Extracted data entries

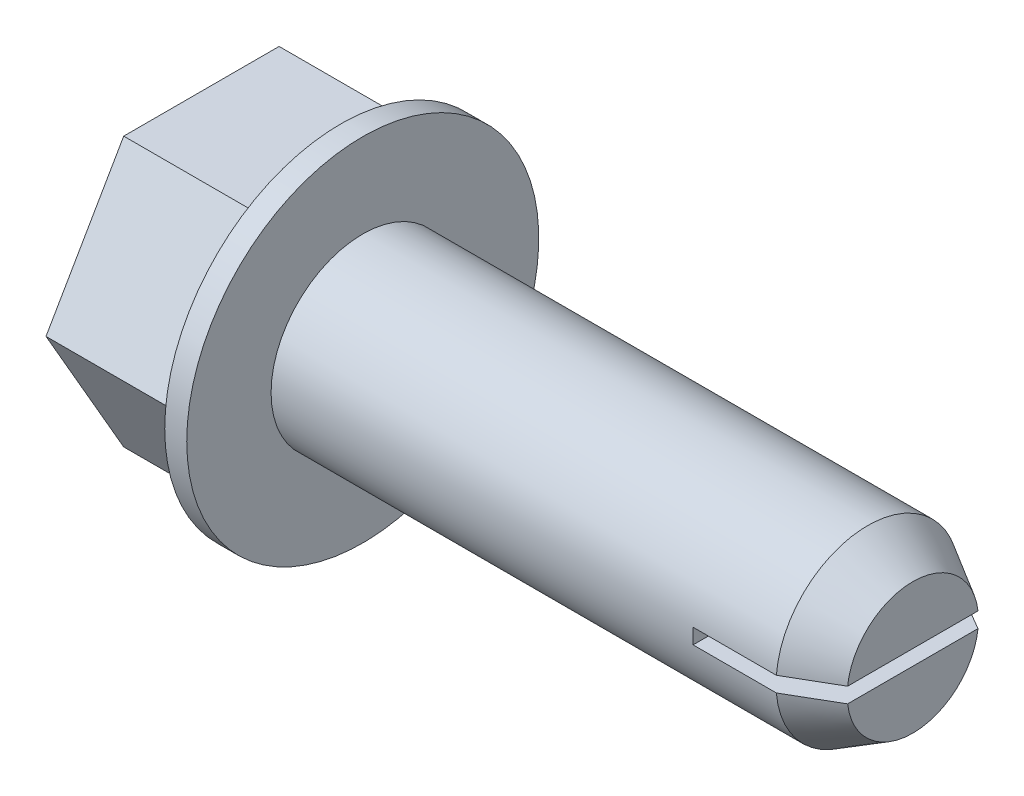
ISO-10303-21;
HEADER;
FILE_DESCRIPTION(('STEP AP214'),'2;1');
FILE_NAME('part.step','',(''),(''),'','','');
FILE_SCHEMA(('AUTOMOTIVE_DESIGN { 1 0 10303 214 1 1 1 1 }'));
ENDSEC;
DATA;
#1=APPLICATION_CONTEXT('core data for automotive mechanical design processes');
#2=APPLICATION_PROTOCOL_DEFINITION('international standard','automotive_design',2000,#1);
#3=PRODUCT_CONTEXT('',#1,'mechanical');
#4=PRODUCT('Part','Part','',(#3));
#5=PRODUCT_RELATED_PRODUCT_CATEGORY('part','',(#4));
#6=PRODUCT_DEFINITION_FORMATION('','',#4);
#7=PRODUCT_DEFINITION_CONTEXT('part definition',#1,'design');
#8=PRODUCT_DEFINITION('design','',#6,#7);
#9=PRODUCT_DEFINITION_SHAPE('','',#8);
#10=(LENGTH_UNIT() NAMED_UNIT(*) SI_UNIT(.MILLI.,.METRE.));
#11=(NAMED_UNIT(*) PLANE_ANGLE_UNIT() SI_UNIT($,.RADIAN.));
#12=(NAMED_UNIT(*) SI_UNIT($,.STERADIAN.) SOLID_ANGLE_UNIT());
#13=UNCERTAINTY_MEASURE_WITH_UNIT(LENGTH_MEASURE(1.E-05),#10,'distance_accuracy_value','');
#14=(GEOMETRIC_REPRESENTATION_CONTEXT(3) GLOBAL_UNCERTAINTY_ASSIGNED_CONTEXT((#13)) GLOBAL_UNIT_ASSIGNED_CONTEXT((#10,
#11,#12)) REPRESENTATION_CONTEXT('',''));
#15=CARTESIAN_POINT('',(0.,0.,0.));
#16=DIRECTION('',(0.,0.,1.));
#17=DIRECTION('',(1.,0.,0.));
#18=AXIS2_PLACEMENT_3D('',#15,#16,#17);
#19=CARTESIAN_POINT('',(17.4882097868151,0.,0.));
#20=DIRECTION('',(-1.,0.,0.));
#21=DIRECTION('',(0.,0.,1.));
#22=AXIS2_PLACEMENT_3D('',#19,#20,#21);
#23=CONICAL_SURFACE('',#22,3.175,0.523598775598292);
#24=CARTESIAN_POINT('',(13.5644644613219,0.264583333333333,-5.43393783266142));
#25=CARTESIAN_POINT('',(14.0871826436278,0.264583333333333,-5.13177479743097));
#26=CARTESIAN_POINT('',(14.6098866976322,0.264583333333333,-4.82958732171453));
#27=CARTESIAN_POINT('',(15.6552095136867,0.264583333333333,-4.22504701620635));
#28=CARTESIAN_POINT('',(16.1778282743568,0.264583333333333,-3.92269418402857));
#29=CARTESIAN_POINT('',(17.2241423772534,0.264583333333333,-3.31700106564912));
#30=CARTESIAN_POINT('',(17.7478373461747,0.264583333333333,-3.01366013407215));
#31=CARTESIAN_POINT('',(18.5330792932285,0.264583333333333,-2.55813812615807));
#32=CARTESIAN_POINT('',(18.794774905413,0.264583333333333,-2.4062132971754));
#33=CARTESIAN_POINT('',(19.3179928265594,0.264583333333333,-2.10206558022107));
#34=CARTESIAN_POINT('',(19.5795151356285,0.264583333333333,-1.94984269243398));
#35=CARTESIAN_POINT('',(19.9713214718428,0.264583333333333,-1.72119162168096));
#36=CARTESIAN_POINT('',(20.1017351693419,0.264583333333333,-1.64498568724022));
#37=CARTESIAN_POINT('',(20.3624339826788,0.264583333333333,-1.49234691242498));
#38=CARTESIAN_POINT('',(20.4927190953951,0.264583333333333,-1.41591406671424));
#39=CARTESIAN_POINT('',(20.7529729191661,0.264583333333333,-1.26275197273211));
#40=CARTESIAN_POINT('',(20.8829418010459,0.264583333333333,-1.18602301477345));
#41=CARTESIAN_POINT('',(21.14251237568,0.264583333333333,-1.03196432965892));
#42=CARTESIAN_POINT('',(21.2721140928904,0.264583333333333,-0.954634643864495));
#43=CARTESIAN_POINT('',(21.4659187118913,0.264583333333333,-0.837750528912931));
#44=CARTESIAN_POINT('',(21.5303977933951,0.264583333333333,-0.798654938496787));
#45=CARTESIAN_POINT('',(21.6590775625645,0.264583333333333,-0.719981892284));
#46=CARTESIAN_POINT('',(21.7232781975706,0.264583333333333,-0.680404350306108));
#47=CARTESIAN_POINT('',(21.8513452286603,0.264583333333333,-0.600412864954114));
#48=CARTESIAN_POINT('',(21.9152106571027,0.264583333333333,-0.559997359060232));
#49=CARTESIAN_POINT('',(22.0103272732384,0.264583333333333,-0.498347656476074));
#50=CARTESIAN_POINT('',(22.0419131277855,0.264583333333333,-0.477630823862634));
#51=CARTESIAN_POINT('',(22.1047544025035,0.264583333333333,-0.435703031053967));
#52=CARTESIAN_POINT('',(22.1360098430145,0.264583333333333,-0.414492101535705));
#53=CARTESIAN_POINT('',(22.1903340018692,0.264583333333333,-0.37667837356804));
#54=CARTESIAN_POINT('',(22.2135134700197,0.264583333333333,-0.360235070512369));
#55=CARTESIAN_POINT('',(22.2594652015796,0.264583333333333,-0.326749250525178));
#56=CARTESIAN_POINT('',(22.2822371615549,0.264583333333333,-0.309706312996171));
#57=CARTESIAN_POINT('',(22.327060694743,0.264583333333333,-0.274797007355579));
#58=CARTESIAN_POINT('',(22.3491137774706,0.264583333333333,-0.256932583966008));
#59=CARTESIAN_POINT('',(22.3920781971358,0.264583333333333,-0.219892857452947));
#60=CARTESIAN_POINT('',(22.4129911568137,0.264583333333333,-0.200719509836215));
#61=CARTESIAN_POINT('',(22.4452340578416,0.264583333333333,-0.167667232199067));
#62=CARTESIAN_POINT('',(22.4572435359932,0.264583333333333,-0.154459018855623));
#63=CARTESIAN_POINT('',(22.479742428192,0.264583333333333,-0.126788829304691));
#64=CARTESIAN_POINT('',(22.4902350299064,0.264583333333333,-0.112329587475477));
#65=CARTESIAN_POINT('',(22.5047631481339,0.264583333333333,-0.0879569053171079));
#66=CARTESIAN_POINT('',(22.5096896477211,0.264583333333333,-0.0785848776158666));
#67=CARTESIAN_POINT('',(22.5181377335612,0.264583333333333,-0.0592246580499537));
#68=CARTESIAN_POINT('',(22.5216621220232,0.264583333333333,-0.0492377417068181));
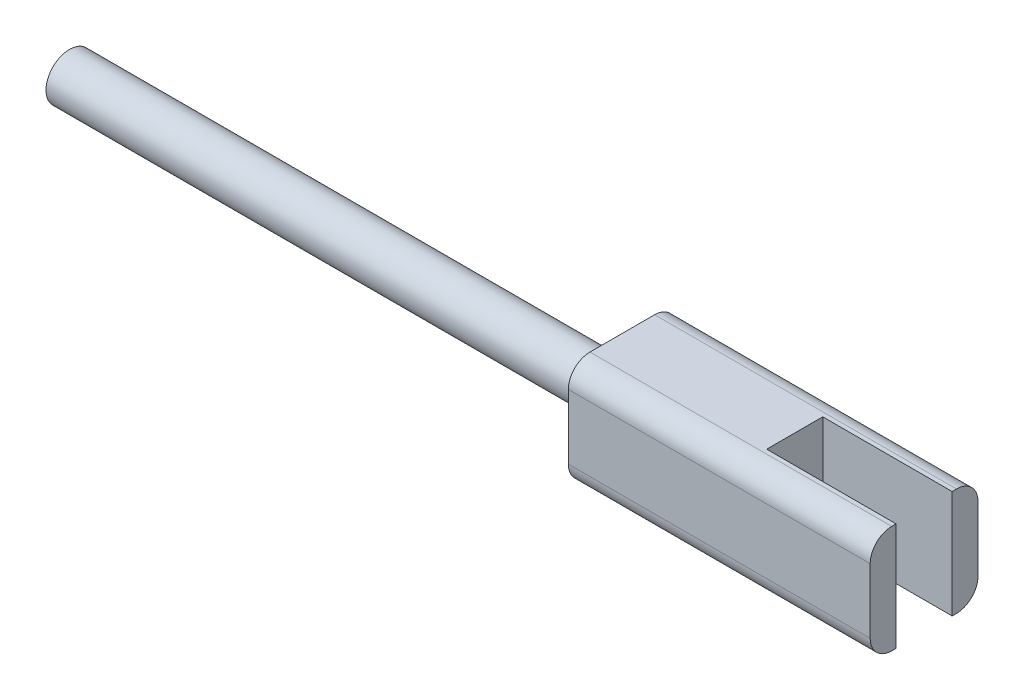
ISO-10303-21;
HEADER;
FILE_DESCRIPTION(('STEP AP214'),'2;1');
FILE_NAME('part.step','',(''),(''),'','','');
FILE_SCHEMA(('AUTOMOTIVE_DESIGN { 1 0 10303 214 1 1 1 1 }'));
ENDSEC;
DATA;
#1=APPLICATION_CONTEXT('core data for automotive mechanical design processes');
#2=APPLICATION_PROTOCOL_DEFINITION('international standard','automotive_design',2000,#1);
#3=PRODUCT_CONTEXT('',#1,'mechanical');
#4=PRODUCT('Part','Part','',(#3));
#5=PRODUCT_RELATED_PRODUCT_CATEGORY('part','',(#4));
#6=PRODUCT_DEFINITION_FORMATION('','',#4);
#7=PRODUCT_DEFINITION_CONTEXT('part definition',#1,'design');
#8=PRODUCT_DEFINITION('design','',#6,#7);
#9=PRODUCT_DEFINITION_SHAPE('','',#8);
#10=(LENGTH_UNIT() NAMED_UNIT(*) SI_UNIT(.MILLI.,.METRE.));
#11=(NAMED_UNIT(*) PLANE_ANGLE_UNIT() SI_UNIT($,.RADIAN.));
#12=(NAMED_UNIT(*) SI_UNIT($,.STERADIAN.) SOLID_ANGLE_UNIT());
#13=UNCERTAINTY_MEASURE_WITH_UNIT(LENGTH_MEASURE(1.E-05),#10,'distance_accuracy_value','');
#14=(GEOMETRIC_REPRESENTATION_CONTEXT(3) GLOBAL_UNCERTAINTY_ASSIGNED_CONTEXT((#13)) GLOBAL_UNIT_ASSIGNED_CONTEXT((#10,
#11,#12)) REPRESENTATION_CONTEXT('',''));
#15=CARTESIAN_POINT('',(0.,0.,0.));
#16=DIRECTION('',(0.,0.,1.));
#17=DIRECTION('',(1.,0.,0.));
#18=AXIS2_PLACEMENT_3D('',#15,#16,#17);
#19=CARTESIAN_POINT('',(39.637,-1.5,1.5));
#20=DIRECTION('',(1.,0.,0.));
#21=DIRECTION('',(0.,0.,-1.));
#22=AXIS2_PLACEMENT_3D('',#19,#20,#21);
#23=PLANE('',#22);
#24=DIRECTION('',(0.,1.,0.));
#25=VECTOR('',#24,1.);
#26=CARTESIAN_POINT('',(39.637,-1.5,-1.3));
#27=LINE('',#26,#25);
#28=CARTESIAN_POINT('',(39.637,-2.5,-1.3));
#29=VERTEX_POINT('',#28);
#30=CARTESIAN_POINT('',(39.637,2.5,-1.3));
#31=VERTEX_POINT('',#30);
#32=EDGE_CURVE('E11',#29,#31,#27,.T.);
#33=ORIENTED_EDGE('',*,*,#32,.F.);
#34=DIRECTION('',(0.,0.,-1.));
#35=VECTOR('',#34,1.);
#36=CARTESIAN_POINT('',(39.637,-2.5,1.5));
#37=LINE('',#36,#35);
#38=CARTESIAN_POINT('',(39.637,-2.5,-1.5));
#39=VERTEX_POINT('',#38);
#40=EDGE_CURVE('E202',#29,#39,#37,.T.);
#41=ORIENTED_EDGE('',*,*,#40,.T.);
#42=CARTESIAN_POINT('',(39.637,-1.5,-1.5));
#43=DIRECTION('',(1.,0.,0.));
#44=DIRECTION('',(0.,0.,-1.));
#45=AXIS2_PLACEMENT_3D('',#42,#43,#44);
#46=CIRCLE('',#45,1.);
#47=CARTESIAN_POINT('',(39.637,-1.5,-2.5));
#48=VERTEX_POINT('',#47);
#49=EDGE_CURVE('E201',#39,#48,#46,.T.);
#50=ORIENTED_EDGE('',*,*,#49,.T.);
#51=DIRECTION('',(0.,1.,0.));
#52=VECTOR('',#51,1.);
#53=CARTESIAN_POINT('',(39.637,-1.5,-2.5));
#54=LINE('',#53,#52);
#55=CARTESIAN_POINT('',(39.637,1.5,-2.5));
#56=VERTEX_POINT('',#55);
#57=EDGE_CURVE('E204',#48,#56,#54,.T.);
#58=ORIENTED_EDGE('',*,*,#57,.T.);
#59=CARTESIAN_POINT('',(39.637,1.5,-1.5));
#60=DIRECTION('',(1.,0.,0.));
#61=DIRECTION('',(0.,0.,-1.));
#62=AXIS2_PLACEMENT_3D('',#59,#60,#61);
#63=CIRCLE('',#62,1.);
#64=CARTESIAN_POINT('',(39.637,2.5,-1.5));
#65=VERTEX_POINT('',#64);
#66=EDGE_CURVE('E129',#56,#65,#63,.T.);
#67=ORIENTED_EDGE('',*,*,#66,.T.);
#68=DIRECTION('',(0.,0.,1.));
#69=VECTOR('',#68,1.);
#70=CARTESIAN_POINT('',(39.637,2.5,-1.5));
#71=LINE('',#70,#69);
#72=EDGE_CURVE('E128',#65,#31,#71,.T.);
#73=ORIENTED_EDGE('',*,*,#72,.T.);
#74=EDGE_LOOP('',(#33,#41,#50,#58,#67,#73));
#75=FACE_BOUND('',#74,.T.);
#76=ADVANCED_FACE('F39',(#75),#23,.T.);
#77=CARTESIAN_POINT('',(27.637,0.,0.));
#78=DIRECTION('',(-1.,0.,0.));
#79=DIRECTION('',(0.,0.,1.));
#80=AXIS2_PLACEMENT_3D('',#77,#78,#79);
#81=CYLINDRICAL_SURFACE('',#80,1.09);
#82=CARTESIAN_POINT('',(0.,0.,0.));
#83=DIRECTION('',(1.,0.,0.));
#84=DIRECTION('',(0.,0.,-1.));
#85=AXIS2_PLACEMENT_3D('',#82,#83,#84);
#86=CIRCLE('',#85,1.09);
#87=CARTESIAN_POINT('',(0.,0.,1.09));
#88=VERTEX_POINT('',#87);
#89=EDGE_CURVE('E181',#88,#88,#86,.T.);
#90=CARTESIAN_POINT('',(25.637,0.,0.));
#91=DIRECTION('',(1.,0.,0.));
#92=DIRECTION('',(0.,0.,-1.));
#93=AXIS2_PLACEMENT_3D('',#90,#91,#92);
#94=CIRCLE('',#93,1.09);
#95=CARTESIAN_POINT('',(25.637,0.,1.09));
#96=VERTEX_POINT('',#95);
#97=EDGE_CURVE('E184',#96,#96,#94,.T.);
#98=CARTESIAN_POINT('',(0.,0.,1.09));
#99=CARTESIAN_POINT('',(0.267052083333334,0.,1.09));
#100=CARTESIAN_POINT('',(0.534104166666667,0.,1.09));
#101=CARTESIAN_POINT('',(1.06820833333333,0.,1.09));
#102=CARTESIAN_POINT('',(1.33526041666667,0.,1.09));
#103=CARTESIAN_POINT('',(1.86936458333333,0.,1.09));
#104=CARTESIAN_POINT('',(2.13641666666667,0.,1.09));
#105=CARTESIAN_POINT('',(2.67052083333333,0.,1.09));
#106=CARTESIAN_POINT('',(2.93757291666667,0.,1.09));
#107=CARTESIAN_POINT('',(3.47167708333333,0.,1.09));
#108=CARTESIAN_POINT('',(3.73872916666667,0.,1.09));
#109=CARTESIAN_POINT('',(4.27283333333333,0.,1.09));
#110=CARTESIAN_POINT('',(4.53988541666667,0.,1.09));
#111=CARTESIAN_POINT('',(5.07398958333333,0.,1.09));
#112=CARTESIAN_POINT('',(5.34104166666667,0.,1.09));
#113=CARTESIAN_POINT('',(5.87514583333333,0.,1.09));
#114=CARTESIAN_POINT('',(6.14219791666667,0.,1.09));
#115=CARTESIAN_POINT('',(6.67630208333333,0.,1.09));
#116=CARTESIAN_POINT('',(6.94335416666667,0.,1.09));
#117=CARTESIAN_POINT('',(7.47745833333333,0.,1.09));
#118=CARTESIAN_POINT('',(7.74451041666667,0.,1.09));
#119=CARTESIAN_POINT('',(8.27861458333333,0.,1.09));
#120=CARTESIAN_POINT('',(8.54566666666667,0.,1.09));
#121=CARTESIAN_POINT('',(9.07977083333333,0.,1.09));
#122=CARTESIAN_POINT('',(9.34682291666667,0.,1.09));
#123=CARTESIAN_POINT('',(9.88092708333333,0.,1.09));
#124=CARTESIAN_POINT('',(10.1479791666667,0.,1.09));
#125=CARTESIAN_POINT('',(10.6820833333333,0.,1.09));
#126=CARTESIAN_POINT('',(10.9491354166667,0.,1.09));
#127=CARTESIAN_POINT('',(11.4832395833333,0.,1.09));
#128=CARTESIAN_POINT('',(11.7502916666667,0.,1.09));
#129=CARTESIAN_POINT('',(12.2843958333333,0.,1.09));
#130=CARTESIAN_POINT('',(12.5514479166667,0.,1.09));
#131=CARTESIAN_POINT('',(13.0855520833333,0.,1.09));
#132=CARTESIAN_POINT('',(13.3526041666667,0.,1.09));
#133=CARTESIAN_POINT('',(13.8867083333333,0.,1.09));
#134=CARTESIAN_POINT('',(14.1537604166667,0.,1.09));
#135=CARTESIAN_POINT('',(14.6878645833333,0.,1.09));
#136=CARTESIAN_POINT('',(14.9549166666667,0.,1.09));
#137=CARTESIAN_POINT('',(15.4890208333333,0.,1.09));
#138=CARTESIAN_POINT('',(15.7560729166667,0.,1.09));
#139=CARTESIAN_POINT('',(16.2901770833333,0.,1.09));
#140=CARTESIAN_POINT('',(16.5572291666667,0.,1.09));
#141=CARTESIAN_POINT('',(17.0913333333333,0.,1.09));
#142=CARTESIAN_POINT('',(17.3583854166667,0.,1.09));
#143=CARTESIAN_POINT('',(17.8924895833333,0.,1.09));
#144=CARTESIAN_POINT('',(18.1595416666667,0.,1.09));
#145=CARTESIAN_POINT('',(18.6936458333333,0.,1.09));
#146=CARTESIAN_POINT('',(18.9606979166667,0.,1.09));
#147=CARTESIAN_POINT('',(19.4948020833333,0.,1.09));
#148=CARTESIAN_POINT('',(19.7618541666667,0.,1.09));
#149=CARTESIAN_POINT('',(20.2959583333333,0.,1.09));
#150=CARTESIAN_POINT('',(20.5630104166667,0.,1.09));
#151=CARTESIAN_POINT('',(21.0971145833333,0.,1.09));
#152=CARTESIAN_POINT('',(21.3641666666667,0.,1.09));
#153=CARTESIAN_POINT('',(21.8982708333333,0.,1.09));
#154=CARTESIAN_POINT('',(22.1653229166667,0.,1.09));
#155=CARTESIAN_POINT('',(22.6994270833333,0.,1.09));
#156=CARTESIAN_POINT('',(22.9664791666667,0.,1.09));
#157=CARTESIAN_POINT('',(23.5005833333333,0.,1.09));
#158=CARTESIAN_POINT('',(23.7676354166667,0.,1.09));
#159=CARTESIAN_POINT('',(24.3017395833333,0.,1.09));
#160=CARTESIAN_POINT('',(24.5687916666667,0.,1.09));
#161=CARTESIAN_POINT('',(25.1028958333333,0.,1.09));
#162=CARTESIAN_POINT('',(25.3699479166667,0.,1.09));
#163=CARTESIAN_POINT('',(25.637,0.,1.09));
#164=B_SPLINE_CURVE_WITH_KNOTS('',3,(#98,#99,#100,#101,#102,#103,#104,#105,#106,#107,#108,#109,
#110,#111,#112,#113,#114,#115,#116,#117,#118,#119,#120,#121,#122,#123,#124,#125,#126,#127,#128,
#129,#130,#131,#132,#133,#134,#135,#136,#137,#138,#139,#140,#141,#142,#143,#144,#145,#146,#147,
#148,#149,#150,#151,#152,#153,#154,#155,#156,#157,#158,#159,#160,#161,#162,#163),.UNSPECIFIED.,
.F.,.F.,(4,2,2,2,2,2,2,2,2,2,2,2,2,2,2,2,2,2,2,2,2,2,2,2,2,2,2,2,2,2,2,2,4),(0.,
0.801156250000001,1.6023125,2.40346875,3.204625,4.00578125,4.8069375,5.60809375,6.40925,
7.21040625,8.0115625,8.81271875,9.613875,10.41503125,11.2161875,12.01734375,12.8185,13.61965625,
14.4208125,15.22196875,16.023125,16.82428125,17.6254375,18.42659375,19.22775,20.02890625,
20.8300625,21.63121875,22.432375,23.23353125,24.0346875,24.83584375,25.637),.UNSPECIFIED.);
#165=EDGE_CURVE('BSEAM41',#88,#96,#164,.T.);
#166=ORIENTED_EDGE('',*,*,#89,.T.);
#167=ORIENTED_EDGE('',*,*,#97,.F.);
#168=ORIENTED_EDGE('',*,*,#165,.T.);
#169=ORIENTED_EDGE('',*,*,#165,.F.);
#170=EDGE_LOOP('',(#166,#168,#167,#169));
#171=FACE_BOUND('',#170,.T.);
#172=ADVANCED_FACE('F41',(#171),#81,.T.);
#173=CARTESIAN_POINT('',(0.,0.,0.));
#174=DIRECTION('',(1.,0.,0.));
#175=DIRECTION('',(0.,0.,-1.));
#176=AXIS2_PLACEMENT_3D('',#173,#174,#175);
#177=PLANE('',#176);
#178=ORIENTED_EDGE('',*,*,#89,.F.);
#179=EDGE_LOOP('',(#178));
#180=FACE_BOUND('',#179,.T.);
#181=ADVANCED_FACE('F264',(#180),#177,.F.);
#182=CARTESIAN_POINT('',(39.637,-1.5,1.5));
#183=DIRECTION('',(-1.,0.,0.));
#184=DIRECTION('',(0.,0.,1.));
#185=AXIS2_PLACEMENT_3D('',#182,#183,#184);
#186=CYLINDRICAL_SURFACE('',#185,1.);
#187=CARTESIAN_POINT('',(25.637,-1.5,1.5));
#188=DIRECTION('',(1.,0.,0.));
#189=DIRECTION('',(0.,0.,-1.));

Required work:
Reproduce only the lines above, starting at the line with "#125=CARTESIAN_POINT('',(10.6820833333333,0.,1.09));" and ending at the line with "#146=CARTESIAN_POINT('',(18.9606979166667,0.,1.09));", exactly as written.

Exercise answer:
#125=CARTESIAN_POINT('',(10.6820833333333,0.,1.09));
#126=CARTESIAN_POINT('',(10.9491354166667,0.,1.09));
#127=CARTESIAN_POINT('',(11.4832395833333,0.,1.09));
#128=CARTESIAN_POINT('',(11.7502916666667,0.,1.09));
#129=CARTESIAN_POINT('',(12.2843958333333,0.,1.09));
#130=CARTESIAN_POINT('',(12.5514479166667,0.,1.09));
#131=CARTESIAN_POINT('',(13.0855520833333,0.,1.09));
#132=CARTESIAN_POINT('',(13.3526041666667,0.,1.09));
#133=CARTESIAN_POINT('',(13.8867083333333,0.,1.09));
#134=CARTESIAN_POINT('',(14.1537604166667,0.,1.09));
#135=CARTESIAN_POINT('',(14.6878645833333,0.,1.09));
#136=CARTESIAN_POINT('',(14.9549166666667,0.,1.09));
#137=CARTESIAN_POINT('',(15.4890208333333,0.,1.09));
#138=CARTESIAN_POINT('',(15.7560729166667,0.,1.09));
#139=CARTESIAN_POINT('',(16.2901770833333,0.,1.09));
#140=CARTESIAN_POINT('',(16.5572291666667,0.,1.09));
#141=CARTESIAN_POINT('',(17.0913333333333,0.,1.09));
#142=CARTESIAN_POINT('',(17.3583854166667,0.,1.09));
#143=CARTESIAN_POINT('',(17.8924895833333,0.,1.09));
#144=CARTESIAN_POINT('',(18.1595416666667,0.,1.09));
#145=CARTESIAN_POINT('',(18.6936458333333,0.,1.09));
#146=CARTESIAN_POINT('',(18.9606979166667,0.,1.09));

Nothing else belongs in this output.